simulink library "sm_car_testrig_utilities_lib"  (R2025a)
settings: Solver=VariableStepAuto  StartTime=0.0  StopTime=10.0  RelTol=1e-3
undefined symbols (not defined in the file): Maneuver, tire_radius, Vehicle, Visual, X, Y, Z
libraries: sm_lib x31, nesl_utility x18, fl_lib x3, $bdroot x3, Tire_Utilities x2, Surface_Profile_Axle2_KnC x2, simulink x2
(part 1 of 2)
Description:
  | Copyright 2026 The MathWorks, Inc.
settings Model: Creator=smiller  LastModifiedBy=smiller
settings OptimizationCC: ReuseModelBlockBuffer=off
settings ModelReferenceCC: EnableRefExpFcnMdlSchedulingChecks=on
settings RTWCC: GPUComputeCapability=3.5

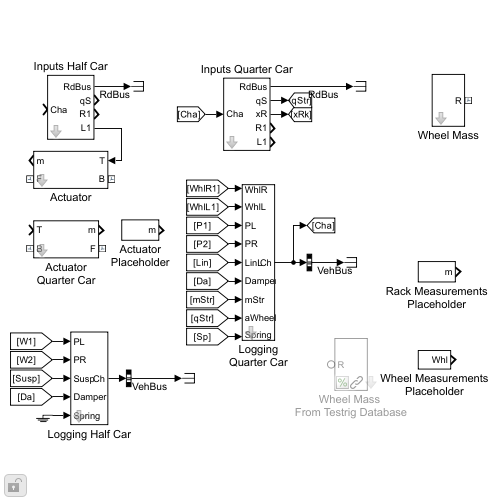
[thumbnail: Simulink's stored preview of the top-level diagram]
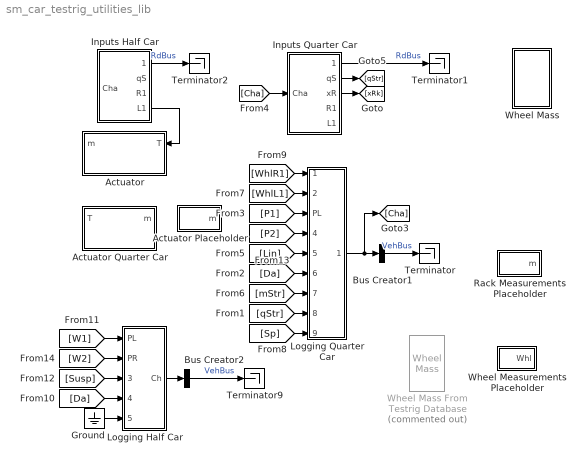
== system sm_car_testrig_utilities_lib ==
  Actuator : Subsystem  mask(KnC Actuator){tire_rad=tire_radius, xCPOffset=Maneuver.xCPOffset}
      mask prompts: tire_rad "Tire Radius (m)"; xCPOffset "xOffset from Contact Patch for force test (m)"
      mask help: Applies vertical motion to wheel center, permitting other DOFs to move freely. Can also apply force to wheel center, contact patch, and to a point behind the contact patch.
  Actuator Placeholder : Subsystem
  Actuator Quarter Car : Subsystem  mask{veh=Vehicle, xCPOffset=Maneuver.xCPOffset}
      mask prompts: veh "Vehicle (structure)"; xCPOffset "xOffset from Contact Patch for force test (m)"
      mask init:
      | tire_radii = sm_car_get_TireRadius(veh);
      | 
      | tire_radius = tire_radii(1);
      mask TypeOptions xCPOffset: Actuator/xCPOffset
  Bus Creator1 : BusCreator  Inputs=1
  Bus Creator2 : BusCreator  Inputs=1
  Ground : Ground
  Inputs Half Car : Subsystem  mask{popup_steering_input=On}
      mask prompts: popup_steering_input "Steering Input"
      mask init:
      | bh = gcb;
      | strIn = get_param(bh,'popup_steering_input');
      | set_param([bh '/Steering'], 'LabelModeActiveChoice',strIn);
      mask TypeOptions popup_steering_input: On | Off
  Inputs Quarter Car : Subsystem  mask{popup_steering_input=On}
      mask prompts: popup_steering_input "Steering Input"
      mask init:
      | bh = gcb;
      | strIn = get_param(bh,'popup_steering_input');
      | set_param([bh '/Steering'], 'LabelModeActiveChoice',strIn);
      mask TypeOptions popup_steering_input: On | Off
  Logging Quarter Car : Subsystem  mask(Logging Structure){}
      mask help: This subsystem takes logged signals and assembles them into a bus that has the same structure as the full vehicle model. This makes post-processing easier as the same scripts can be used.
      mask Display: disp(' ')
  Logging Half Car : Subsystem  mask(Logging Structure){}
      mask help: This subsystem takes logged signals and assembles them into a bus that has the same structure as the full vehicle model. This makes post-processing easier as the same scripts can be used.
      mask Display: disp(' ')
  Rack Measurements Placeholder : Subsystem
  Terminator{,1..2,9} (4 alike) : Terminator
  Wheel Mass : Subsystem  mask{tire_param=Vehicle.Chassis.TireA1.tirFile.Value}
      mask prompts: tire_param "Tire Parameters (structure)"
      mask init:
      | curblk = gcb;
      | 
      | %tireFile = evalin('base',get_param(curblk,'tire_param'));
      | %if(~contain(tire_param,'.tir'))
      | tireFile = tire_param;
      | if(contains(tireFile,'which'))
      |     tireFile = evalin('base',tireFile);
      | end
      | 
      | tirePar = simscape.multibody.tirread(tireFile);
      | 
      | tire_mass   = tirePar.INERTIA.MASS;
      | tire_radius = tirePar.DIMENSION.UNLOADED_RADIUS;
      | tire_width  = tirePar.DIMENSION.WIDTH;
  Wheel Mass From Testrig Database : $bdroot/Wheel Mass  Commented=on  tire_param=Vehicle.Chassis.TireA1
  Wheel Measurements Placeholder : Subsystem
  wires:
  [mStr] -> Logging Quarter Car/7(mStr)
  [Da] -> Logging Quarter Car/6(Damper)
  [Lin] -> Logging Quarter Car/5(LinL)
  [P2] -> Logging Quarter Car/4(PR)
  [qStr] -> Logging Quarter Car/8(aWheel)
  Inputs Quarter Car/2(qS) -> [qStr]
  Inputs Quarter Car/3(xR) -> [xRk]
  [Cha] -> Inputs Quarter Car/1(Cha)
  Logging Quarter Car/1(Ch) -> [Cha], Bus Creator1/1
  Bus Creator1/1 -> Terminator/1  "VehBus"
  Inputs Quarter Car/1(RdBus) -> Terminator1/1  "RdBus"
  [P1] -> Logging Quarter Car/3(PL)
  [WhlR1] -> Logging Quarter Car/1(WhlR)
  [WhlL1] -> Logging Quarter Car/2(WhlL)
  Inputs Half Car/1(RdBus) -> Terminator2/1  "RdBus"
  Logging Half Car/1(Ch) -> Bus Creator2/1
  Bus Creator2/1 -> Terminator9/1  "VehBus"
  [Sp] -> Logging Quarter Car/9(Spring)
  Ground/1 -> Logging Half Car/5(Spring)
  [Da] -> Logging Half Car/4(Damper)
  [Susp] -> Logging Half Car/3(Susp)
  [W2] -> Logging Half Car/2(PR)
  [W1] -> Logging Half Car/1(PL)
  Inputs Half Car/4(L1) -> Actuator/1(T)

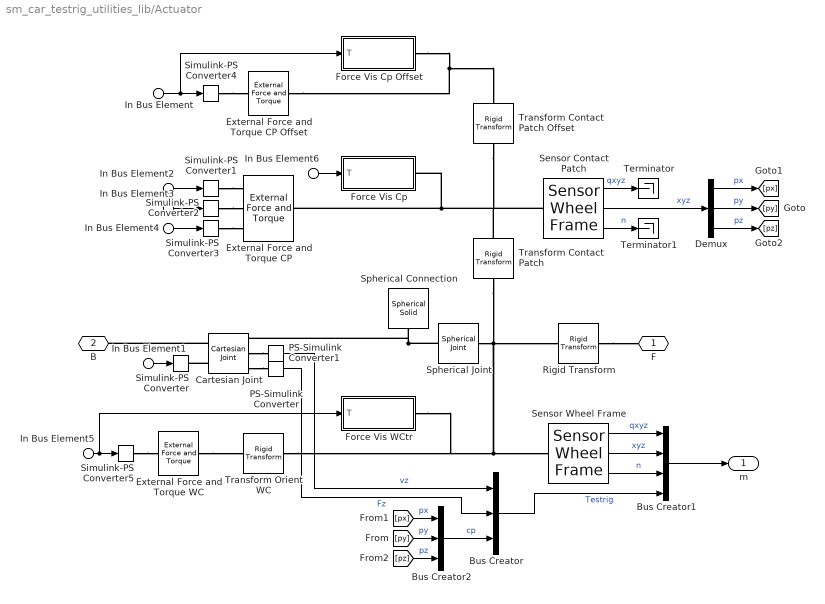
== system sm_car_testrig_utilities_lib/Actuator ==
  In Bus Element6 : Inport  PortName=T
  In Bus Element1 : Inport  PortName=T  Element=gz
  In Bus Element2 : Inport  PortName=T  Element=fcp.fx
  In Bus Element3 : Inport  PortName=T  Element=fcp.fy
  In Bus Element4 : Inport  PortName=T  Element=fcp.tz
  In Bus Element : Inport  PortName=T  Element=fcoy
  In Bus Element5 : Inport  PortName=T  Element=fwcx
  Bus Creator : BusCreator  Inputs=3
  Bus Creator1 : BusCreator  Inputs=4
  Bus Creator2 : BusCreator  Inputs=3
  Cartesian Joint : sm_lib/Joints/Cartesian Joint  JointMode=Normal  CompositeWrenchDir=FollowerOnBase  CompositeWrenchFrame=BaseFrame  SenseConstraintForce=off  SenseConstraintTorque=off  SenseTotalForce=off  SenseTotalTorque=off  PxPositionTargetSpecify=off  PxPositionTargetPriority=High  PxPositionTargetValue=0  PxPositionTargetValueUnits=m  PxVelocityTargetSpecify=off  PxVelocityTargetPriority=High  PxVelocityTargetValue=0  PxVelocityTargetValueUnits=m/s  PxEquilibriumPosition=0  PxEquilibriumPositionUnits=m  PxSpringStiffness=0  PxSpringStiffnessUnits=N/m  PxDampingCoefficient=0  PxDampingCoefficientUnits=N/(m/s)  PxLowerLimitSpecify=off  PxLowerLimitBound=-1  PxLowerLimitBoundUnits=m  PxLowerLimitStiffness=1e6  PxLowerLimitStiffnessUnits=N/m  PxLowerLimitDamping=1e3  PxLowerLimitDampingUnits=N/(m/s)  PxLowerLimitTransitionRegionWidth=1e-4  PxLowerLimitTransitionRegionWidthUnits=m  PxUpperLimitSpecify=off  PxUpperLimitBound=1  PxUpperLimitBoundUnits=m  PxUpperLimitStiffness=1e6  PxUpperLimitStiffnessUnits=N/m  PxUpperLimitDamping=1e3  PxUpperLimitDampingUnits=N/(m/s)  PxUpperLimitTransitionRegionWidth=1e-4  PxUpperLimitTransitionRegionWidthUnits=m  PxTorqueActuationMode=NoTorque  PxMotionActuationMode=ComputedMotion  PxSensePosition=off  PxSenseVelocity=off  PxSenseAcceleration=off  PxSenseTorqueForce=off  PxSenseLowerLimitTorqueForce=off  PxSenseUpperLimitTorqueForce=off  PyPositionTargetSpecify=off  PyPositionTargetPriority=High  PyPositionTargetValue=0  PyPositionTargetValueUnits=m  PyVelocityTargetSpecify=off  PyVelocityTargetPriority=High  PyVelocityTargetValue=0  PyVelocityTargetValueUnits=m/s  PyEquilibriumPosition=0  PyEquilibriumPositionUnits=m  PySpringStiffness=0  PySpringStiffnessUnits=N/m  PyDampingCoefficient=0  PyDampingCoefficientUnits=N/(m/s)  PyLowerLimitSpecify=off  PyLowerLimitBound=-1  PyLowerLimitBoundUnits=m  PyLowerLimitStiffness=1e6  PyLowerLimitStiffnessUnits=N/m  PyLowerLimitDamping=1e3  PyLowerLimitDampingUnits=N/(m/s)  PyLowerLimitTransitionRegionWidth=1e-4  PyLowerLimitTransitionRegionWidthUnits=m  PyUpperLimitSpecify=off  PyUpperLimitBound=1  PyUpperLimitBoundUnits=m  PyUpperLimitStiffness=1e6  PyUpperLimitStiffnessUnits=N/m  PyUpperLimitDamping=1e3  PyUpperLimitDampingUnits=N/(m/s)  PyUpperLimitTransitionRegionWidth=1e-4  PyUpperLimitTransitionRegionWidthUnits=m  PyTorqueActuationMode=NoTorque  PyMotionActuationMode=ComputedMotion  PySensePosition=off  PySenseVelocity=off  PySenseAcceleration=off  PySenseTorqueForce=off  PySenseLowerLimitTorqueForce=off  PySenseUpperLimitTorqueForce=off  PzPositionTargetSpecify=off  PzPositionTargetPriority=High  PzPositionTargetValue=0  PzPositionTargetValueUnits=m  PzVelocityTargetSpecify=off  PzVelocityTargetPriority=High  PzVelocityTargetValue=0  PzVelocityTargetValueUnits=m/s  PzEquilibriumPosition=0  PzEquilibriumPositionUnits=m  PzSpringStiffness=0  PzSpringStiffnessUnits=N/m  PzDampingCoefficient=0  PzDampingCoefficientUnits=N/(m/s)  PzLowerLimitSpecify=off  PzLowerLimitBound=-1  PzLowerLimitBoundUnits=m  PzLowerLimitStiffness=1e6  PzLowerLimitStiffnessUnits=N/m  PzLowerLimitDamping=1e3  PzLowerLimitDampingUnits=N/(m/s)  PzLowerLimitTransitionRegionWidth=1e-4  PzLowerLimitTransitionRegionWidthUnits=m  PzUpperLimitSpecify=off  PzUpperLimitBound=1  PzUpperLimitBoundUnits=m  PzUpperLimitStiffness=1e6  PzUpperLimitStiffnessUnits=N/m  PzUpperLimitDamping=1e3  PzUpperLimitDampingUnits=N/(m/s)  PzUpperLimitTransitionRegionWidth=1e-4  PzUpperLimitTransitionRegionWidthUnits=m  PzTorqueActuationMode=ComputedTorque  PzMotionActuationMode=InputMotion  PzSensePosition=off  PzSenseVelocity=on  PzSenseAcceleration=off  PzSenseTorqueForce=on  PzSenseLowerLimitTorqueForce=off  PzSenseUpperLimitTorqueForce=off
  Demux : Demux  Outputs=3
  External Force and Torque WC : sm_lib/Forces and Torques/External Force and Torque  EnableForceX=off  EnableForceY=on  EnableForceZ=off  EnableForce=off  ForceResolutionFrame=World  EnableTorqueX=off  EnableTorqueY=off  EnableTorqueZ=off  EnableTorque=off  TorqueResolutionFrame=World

→ Task details: Each line containing the word "Damper" must be pulled from the listing and copied.

→ Answer to this exercise:
  [Da] -> Logging Quarter Car/6(Damper)
  [Da] -> Logging Half Car/4(Damper)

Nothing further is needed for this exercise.